● **Try it**:
Each entry below must be repeated exactly, with pictures left out.

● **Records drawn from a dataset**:

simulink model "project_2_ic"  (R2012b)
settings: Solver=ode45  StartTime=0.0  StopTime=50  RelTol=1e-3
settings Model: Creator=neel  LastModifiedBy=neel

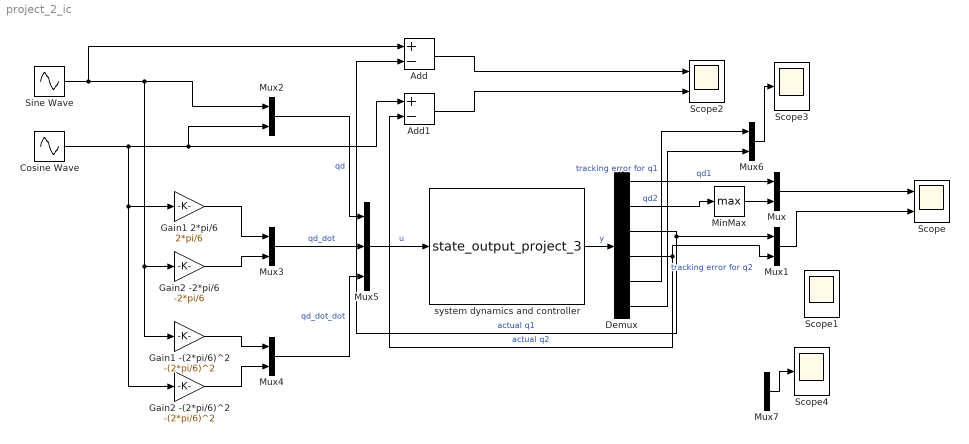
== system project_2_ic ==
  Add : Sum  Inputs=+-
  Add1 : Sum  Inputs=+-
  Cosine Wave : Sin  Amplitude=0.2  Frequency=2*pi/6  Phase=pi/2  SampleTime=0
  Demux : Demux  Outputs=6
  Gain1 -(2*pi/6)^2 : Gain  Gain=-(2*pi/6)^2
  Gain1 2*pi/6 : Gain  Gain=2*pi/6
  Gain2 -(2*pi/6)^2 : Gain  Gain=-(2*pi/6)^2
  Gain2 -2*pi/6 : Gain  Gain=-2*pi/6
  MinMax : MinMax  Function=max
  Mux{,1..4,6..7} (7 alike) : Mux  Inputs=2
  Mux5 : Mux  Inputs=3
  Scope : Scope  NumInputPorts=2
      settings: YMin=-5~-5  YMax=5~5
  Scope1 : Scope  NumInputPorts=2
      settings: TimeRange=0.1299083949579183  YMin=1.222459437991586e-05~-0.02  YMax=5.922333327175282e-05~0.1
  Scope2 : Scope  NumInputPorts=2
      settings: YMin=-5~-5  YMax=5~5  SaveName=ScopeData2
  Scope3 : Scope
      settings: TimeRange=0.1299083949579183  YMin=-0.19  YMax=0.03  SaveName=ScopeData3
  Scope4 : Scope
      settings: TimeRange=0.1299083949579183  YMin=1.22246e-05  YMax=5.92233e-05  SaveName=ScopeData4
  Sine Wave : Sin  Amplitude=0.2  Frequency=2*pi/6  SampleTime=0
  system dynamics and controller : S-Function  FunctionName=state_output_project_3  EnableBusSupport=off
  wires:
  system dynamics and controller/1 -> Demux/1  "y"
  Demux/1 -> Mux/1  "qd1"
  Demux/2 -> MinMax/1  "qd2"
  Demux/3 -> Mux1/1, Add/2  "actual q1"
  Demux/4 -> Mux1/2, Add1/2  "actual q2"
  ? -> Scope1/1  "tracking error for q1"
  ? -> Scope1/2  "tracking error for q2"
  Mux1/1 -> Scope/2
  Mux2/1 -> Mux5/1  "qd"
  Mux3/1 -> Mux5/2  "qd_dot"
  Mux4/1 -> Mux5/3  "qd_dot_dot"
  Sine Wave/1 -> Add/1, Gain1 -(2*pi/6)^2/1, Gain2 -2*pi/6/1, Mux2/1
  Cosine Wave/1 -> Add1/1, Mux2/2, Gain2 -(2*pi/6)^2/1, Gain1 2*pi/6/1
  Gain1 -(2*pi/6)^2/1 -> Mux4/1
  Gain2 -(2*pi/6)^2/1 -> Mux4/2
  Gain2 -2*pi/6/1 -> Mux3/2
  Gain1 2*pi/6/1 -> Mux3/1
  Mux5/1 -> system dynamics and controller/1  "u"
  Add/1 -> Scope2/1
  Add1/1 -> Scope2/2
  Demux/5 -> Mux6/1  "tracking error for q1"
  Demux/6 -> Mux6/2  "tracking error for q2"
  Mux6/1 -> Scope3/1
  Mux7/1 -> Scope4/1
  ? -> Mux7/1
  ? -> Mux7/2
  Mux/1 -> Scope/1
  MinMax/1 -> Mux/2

● **Response for this exercise**:
simulink model "project_2_ic"  (R2012b)
settings: Solver=ode45  StartTime=0.0  StopTime=50  RelTol=1e-3
settings Model: Creator=neel  LastModifiedBy=neel

== system project_2_ic ==
  Add : Sum  Inputs=+-
  Add1 : Sum  Inputs=+-
  Cosine Wave : Sin  Amplitude=0.2  Frequency=2*pi/6  Phase=pi/2  SampleTime=0
  Demux : Demux  Outputs=6
  Gain1 -(2*pi/6)^2 : Gain  Gain=-(2*pi/6)^2
  Gain1 2*pi/6 : Gain  Gain=2*pi/6
  Gain2 -(2*pi/6)^2 : Gain  Gain=-(2*pi/6)^2
  Gain2 -2*pi/6 : Gain  Gain=-2*pi/6
  MinMax : MinMax  Function=max
  Mux{,1..4,6..7} (7 alike) : Mux  Inputs=2
  Mux5 : Mux  Inputs=3
  Scope : Scope  NumInputPorts=2
      settings: YMin=-5~-5  YMax=5~5
  Scope1 : Scope  NumInputPorts=2
      settings: TimeRange=0.1299083949579183  YMin=1.222459437991586e-05~-0.02  YMax=5.922333327175282e-05~0.1
  Scope2 : Scope  NumInputPorts=2
      settings: YMin=-5~-5  YMax=5~5  SaveName=ScopeData2
  Scope3 : Scope
      settings: TimeRange=0.1299083949579183  YMin=-0.19  YMax=0.03  SaveName=ScopeData3
  Scope4 : Scope
      settings: TimeRange=0.1299083949579183  YMin=1.22246e-05  YMax=5.92233e-05  SaveName=ScopeData4
  Sine Wave : Sin  Amplitude=0.2  Frequency=2*pi/6  SampleTime=0
  system dynamics and controller : S-Function  FunctionName=state_output_project_3  EnableBusSupport=off
  wires:
  system dynamics and controller/1 -> Demux/1  "y"
  Demux/1 -> Mux/1  "qd1"
  Demux/2 -> MinMax/1  "qd2"
  Demux/3 -> Mux1/1, Add/2  "actual q1"
  Demux/4 -> Mux1/2, Add1/2  "actual q2"
  ? -> Scope1/1  "tracking error for q1"
  ? -> Scope1/2  "tracking error for q2"
  Mux1/1 -> Scope/2
  Mux2/1 -> Mux5/1  "qd"
  Mux3/1 -> Mux5/2  "qd_dot"
  Mux4/1 -> Mux5/3  "qd_dot_dot"
  Sine Wave/1 -> Add/1, Gain1 -(2*pi/6)^2/1, Gain2 -2*pi/6/1, Mux2/1
  Cosine Wave/1 -> Add1/1, Mux2/2, Gain2 -(2*pi/6)^2/1, Gain1 2*pi/6/1
  Gain1 -(2*pi/6)^2/1 -> Mux4/1
  Gain2 -(2*pi/6)^2/1 -> Mux4/2
  Gain2 -2*pi/6/1 -> Mux3/2
  Gain1 2*pi/6/1 -> Mux3/1
  Mux5/1 -> system dynamics and controller/1  "u"
  Add/1 -> Scope2/1
  Add1/1 -> Scope2/2
  Demux/5 -> Mux6/1  "tracking error for q1"
  Demux/6 -> Mux6/2  "tracking error for q2"
  Mux6/1 -> Scope3/1
  Mux7/1 -> Scope4/1
  ? -> Mux7/1
  ? -> Mux7/2
  Mux/1 -> Scope/1
  MinMax/1 -> Mux/2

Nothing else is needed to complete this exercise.